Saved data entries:
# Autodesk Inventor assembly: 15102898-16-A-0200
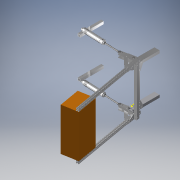
[picture p0: Inventor's stored thumbnail of the model, 180x180]
Saved by Autodesk Inventor 2017 (Build 210142000, 142)
## iProperties
Created: 2016-09-26
Part Number: 15102898-16-A-0200
Document SubType Name: Assembly
Designer: gus
Mass: 4256.38 g
Surface Area: 9011.94 cm^2
Volume: 1308.67 cm^3
Density: 3.25244 g/cm^3
Author: gus
## Documents named in this file (20)
- \\Mac\Home\Desktop\bunnybots 2016\15102898-16-Bunnybot-CAD\Bunnybot-To_be_renamed\15102898-16-A-0000\15102898-16-A-0200\15102898-16-A-0200.iam
- \\Mac\Home\Desktop\bunnybots 2016\15102898-16-Bunnybot-CAD\Bunnybot-To_be_renamed\15102898-16-A-0000\15102898-16-A-0200\15102898-16-P-0201.ipt
- \\Mac\Home\Desktop\bunnybots 2016\15102898-16-Bunnybot-CAD\Bunnybot-To_be_renamed\15102898-16-A-0000\15102898-16-A-0200\Imported Components\217-2732.20121205.ipt
- \\Mac\Home\Desktop\bunnybots 2016\15102898-16-Bunnybot-CAD\Bunnybot-To_be_renamed\15102898-16-A-0000\15102898-16-A-0200\Imported Components\8020-1010.ipt
- \\Mac\Home\Desktop\bunnybots 2016\15102898-16-Bunnybot-CAD\Bunnybot-To_be_renamed\15102898-16-A-0000\15102898-16-A-0200\15102898-16-P-0201_MIR.ipt
- \\Mac\Home\Desktop\bunnybots 2016\15102898-16-Bunnybot-CAD\Bunnybot-To_be_renamed\15102898-16-A-0000\15102898-16-A-0200\Imported Components\217-2732.20121205_MIR.ipt
- \\Mac\Home\Desktop\bunnybots 2016\15102898-16-Bunnybot-CAD\Bunnybot-To_be_renamed\15102898-16-A-0000\15102898-16-A-0200\Imported Components\8020-1010_MIR.ipt
- \\Mac\Home\Desktop\bunnybots 2016\15102898-16-Bunnybot-CAD\Bunnybot-To_be_renamed\15102898-16-A-0000\15102898-16-A-0200\15102898-16-P-0203.ipt
- \\Mac\Home\Desktop\bunnybots 2016\15102898-16-Bunnybot-CAD\Bunnybot-To_be_renamed\15102898-16-A-0000\15102898-16-A-0200\15102898-16-A-0205.ipt
- \\Mac\Home\Desktop\bunnybots 2016\15102898-16-Bunnybot-CAD\Bunnybot-To_be_renamed\15102898-16-A-0000\15102898-16-A-0200\AIS2015\175-DPEE5(F,D-231-1).iam
- \\Mac\Home\Desktop\bunnybots 2016\15102898-16-Bunnybot-CAD\Bunnybot-To_be_renamed\15102898-16-A-0000\15102898-16-A-0200\15102898-16-A-0204.iam
- \\Mac\Home\Desktop\bunnybots 2016\15102898-16-Bunnybot-CAD\Bunnybot-To_be_renamed\15102898-16-A-0000\15102898-16-A-0200\15102898-16-P-0205.ipt
- \\Mac\Home\Desktop\bunnybots 2016\15102898-16-Bunnybot-CAD\Bunnybot-To_be_renamed\15102898-16-A-0000\15102898-16-A-0200\Imported Components\91257A636_HIGH-STRENGTH GRADE 8 STEEL CAP SCREW.ipt
- \\Mac\Home\Desktop\bunnybots 2016\15102898-16-Bunnybot-CAD\Bunnybot-To_be_renamed\15102898-16-A-0000\15102898-16-A-0200\Imported Components\97135A230_GRADE 8 STEEL NYLON-INSERT LOCKNUT.ipt
- \\Mac\Home\Desktop\bunnybots 2016\15102898-16-Bunnybot-CAD\Bunnybot-To_be_renamed\15102898-16-A-0000\15102898-16-A-0200\15102898-16-P-0206.ipt
- \\Mac\Home\Desktop\bunnybots 2016\15102898-16-Bunnybot-CAD\Bunnybot-To_be_renamed\15102898-16-A-0000\15102898-16-A-0200\15102898-16-P-0207.ipt
- \\Mac\Home\Desktop\bunnybots 2016\15102898-16-Bunnybot-CAD\Bunnybot-To_be_renamed\15102898-16-A-0000\15102898-16-A-0200\15102898-16-P-0208.ipt
- \\Mac\Home\Desktop\bunnybots 2016\15102898-16-Bunnybot-CAD\Bunnybot-To_be_renamed\15102898-16-A-0000\15102898-16-A-0200\15102898-16-P-0209.ipt
- \\Mac\Home\Desktop\bunnybots 2016\15102898-16-Bunnybot-CAD\Bunnybot-To_be_renamed\15102898-16-A-0000\15102898-16-A-0200\15102898-16-P-0210.ipt
- \\Mac\Home\Desktop\bunnybots 2016\15102898-16-Bunnybot-CAD\Bunnybot-To_be_renamed\15102898-16-A-0000\15102898-16-A-0200\placeholder for bucket.ipt
## Components (31 placed, 19 different names)
1. 15102898-16-P-0201:1 — Mate:1, Mate:4, Mate:5, Flush:9, Flush:10, Mate:14, Mate:32, Mate:42, Flush:34, Flush:35, Flush:36
2. 217-2732.20121205:1 — Mate:1, Mate:4, Mate:5, Cylindrical:6, Mate:22
3. 8020-1010:1 — Flush:11, Mate:19, Flush:13, Flush:25, Flush:29, Flush:30, Flush:38, Flush:39
4. 15102898-16-P-0201_MIR:1 — Flush:3, Mate:6, Mate:8, Flush:24, Mate:31, Mate:41, Flush:33, Flush:37
5. 217-2732.20121205_MIR:1 — Flush:3, Mate:6, Mate:8, Cylindrical:7, Mate:27
6. 8020-1010_MIR:1 — Flush:19, Mate:24, Mate:25, Flush:26, Mate:40, Flush:32, Mate:46, Flush:50, Mate:49, Mate:50
7. 15102898-16-P-0203:1 — Cylindrical:5, Mate:17, Flush:11, Mate:20, Mate:21, Cylindrical:6, Flush:40, Mate:47
8. 15102898-16-A-0205:1 — Flush:9, Flush:10, Mate:14, Mate:16, Flush:22, Flush:23
9. 175-DPEE5(F,D-231-1):1 [sub-assembly] — Mate:16, Cylindrical:4
10. 15102898-16-A-0204:1 [sub-assembly] — Cylindrical:4, Cylindrical:5, Mate:17
11. 15102898-16-P-0205:1 — Mate:19, Flush:13, Cylindrical:12, Mate:33, Mate:34, Mate:37, Flush:41, Mate:51
12. 15102898-16-P-0205:2 — Flush:21, Mate:24, Mate:26, Mate:27, Flush:42, Flush:50
13. 15102898-16-P-0205:3 — Flush:19, Flush:21, Mate:25, Cylindrical:13, Mate:30, Flush:51, Mate:49
14. 15102898-16-P-0205:4 — Mate:20, Mate:21, Mate:22, Flush:40, Flush:41
15. 15102898-16-P-0203:2 — Cylindrical:7, Mate:26, Cylindrical:9, Mate:29, Flush:42, Flush:51
16. 15102898-16-A-0205:2 — Flush:22, Flush:23, Flush:24
17. 175-DPEE5(F,D-231-1):2 [sub-assembly]
18. 15102898-16-A-0204:2 [sub-assembly] — Cylindrical:9, Mate:29
19. 91257A636_HIGH-STRENGTH GRADE 8 STEEL CAP SCREW:1 — Cylindrical:10, Cylindrical:13, Mate:30
20. 91257A636_HIGH-STRENGTH GRADE 8 STEEL CAP SCREW:2 — Cylindrical:11, Cylindrical:12, Mate:33, Mate:47
21. 97135A230_GRADE 8 STEEL NYLON-INSERT LOCKNUT:1 — Cylindrical:10, Mate:31
22. 97135A230_GRADE 8 STEEL NYLON-INSERT LOCKNUT:2 — Cylindrical:11, Mate:32
23. 15102898-16-P-0206:1 — Flush:25, Mate:34, Mate:35, Flush:27, Flush:28, Mate:36, Mate:38, Flush:31, Mate:39
24. 15102898-16-P-0207:1 — Flush:26, Mate:35, Flush:27, Mate:50
25. 15102898-16-P-0207:2 — Flush:28, Mate:36, Mate:37, Flush:29, Mate:51
26. 15102898-16-P-0208:1 — Flush:30, Mate:38, Flush:31
27. 15102898-16-P-0208:2 — Mate:39, Mate:40, Flush:32
28. 15102898-16-P-0209:1 — Mate:41, Flush:33, Mate:42, Flush:34, Mate:43, Mate:44, Mate:45
29. 15102898-16-P-0210:1 — Flush:35, Flush:36, Mate:43
30. 15102898-16-P-0210:2 — Mate:44, Flush:37, Mate:45
31. placeholder for bucket:1 — Mate:46, Flush:38, Flush:39
## Relationships (79: Mate 39, Flush 30, CylindricalJoint 10)
- Mate:1: 15102898-16-P-0201:1 ↔ 217-2732.20121205:1
- Mate:4: 15102898-16-P-0201:1 ↔ 217-2732.20121205:1
- Mate:5: 15102898-16-P-0201:1 ↔ 217-2732.20121205:1
- Flush:3: 15102898-16-P-0201_MIR:1 ↔ 217-2732.20121205_MIR:1
- Mate:6: 15102898-16-P-0201_MIR:1 ↔ 217-2732.20121205_MIR:1
- Mate:8: 15102898-16-P-0201_MIR:1 ↔ 217-2732.20121205_MIR:1
- Flush:9: 15102898-16-P-0201:1 ↔ 15102898-16-A-0205:1
- Flush:10: 15102898-16-P-0201:1 ↔ 15102898-16-A-0205:1
- Mate:14 (467.995 mm): 15102898-16-P-0201:1 ↔ 15102898-16-A-0205:1
- Mate:16: 15102898-16-A-0205:1 ↔ 175-DPEE5(F,D-231-1):1
- Cylindrical:4: 175-DPEE5(F,D-231-1):1 ↔ 15102898-16-A-0204:1
- Cylindrical:5: 15102898-16-P-0203:1 ↔ 15102898-16-A-0204:1
- Mate:17: 15102898-16-P-0203:1 ↔ 15102898-16-A-0204:1
- Flush:11: 8020-1010:1 ↔ 15102898-16-P-0203:1
- Mate:19: 8020-1010:1 ↔ 15102898-16-P-0205:1
- Flush:13: 8020-1010:1 ↔ 15102898-16-P-0205:1
- Mate:20: 15102898-16-P-0203:1 ↔ 15102898-16-P-0205:4
- Mate:21: 15102898-16-P-0203:1 ↔ 15102898-16-P-0205:4
- Cylindrical:6: 217-2732.20121205:1 ↔ 15102898-16-P-0203:1
- Mate:22 (3.175 mm): 217-2732.20121205:1 ↔ 15102898-16-P-0205:4
- Flush:19: 8020-1010_MIR:1 ↔ 15102898-16-P-0205:3
- Flush:21: 15102898-16-P-0205:2 ↔ 15102898-16-P-0205:3
- Mate:24: 8020-1010_MIR:1 ↔ 15102898-16-P-0205:2
- Mate:25: 8020-1010_MIR:1 ↔ 15102898-16-P-0205:3
- Cylindrical:7: 217-2732.20121205_MIR:1 ↔ 15102898-16-P-0203:2
- Mate:26: 15102898-16-P-0205:2 ↔ 15102898-16-P-0203:2
- Mate:27 (3.175 mm): 217-2732.20121205_MIR:1 ↔ 15102898-16-P-0205:2
- [Mate]: 15102898-16-A-0205:2 ↔ 175-DPEE5(F,D-231-1):2
- [CylindricalJoint]: 175-DPEE5(F,D-231-1):2 ↔ 15102898-16-A-0204:2
- Flush:22: 15102898-16-A-0205:1 ↔ 15102898-16-A-0205:2
- Flush:23: 15102898-16-A-0205:1 ↔ 15102898-16-A-0205:2
- Flush:24: 15102898-16-P-0201_MIR:1 ↔ 15102898-16-A-0205:2
- Cylindrical:9: 15102898-16-P-0203:2 ↔ 15102898-16-A-0204:2
- Mate:29: 15102898-16-P-0203:2 ↔ 15102898-16-A-0204:2
- Cylindrical:10: 91257A636_HIGH-STRENGTH GRADE 8 STEEL CAP SCREW:1 ↔ 97135A230_GRADE 8 STEEL NYLON-INSERT LOCKNUT:1
- Cylindrical:11: 91257A636_HIGH-STRENGTH GRADE 8 STEEL CAP SCREW:2 ↔ 97135A230_GRADE 8 STEEL NYLON-INSERT LOCKNUT:2
- Cylindrical:12: 15102898-16-P-0205:1 ↔ 91257A636_HIGH-STRENGTH GRADE 8 STEEL CAP SCREW:2
- Cylindrical:13: 15102898-16-P-0205:3 ↔ 91257A636_HIGH-STRENGTH GRADE 8 STEEL CAP SCREW:1
- Mate:30: 15102898-16-P-0205:3 ↔ 91257A636_HIGH-STRENGTH GRADE 8 STEEL CAP SCREW:1
- Mate:31: 15102898-16-P-0201_MIR:1 ↔ 97135A230_GRADE 8 STEEL NYLON-INSERT LOCKNUT:1
- Mate:32: 15102898-16-P-0201:1 ↔ 97135A230_GRADE 8 STEEL NYLON-INSERT LOCKNUT:2
- Mate:33: 15102898-16-P-0205:1 ↔ 91257A636_HIGH-STRENGTH GRADE 8 STEEL CAP SCREW:2
- Flush:25: 8020-1010:1 ↔ 15102898-16-P-0206:1
- Mate:34: 15102898-16-P-0205:1 ↔ 15102898-16-P-0206:1
- Flush:26: 8020-1010_MIR:1 ↔ 15102898-16-P-0207:1
- Mate:35: 15102898-16-P-0206:1 ↔ 15102898-16-P-0207:1
- Flush:27: 15102898-16-P-0206:1 ↔ 15102898-16-P-0207:1
- Flush:28: 15102898-16-P-0206:1 ↔ 15102898-16-P-0207:2
- Mate:36: 15102898-16-P-0206:1 ↔ 15102898-16-P-0207:2
- Mate:37: 15102898-16-P-0205:1 ↔ 15102898-16-P-0207:2
- Flush:29: 8020-1010:1 ↔ 15102898-16-P-0207:2
- Flush:30: 8020-1010:1 ↔ 15102898-16-P-0208:1
- Mate:38: 15102898-16-P-0206:1 ↔ 15102898-16-P-0208:1
- Flush:31: 15102898-16-P-0206:1 ↔ 15102898-16-P-0208:1
- Mate:39: 15102898-16-P-0206:1 ↔ 15102898-16-P-0208:2
- Mate:40: 8020-1010_MIR:1 ↔ 15102898-16-P-0208:2
- Flush:32: 8020-1010_MIR:1 ↔ 15102898-16-P-0208:2
- Mate:41: 15102898-16-P-0201_MIR:1 ↔ 15102898-16-P-0209:1
- Flush:33: 15102898-16-P-0201_MIR:1 ↔ 15102898-16-P-0209:1
- Mate:42: 15102898-16-P-0201:1 ↔ 15102898-16-P-0209:1
- Flush:34 (38.1 mm): 15102898-16-P-0201:1 ↔ 15102898-16-P-0209:1
- Flush:35: 15102898-16-P-0201:1 ↔ 15102898-16-P-0210:1
- Flush:36: 15102898-16-P-0201:1 ↔ 15102898-16-P-0210:1
- Mate:43: 15102898-16-P-0209:1 ↔ 15102898-16-P-0210:1
- Mate:44: 15102898-16-P-0209:1 ↔ 15102898-16-P-0210:2
- Flush:37: 15102898-16-P-0201_MIR:1 ↔ 15102898-16-P-0210:2
- Mate:45: 15102898-16-P-0209:1 ↔ 15102898-16-P-0210:2
- Mate:46: 8020-1010_MIR:1 ↔ placeholder for bucket:1
- Flush:38: 8020-1010:1 ↔ placeholder for bucket:1
- Flush:39: 8020-1010:1 ↔ placeholder for bucket:1
- Flush:40: 15102898-16-P-0203:1 ↔ 15102898-16-P-0205:4
- Mate:47: 15102898-16-P-0203:1 ↔ 91257A636_HIGH-STRENGTH GRADE 8 STEEL CAP SCREW:2
- Flush:41: 15102898-16-P-0205:1 ↔ 15102898-16-P-0205:4
- Flush:42: 15102898-16-P-0205:2 ↔ 15102898-16-P-0203:2
- Flush:50: 8020-1010_MIR:1 ↔ 15102898-16-P-0205:2
- Flush:51: 15102898-16-P-0205:3 ↔ 15102898-16-P-0203:2
- Mate:49: 8020-1010_MIR:1 ↔ 15102898-16-P-0205:3
- Mate:50: 8020-1010_MIR:1 ↔ 15102898-16-P-0207:1
- Mate:51: 15102898-16-P-0205:1 ↔ 15102898-16-P-0207:2
## Named parameters: d114_d59 = 0 mm, d115_d66 = 0 deg, d116_d67 = 101.6 mm, d117_d68 = 101.55448 mm, d118_d69 = -25.4 mm

WHAT IS BEING ASKED: Tally, in the data above, the lines where the word "STRENGTH" occurs, and give the figure alone.

RESULT OF THIS EXERCISE: 10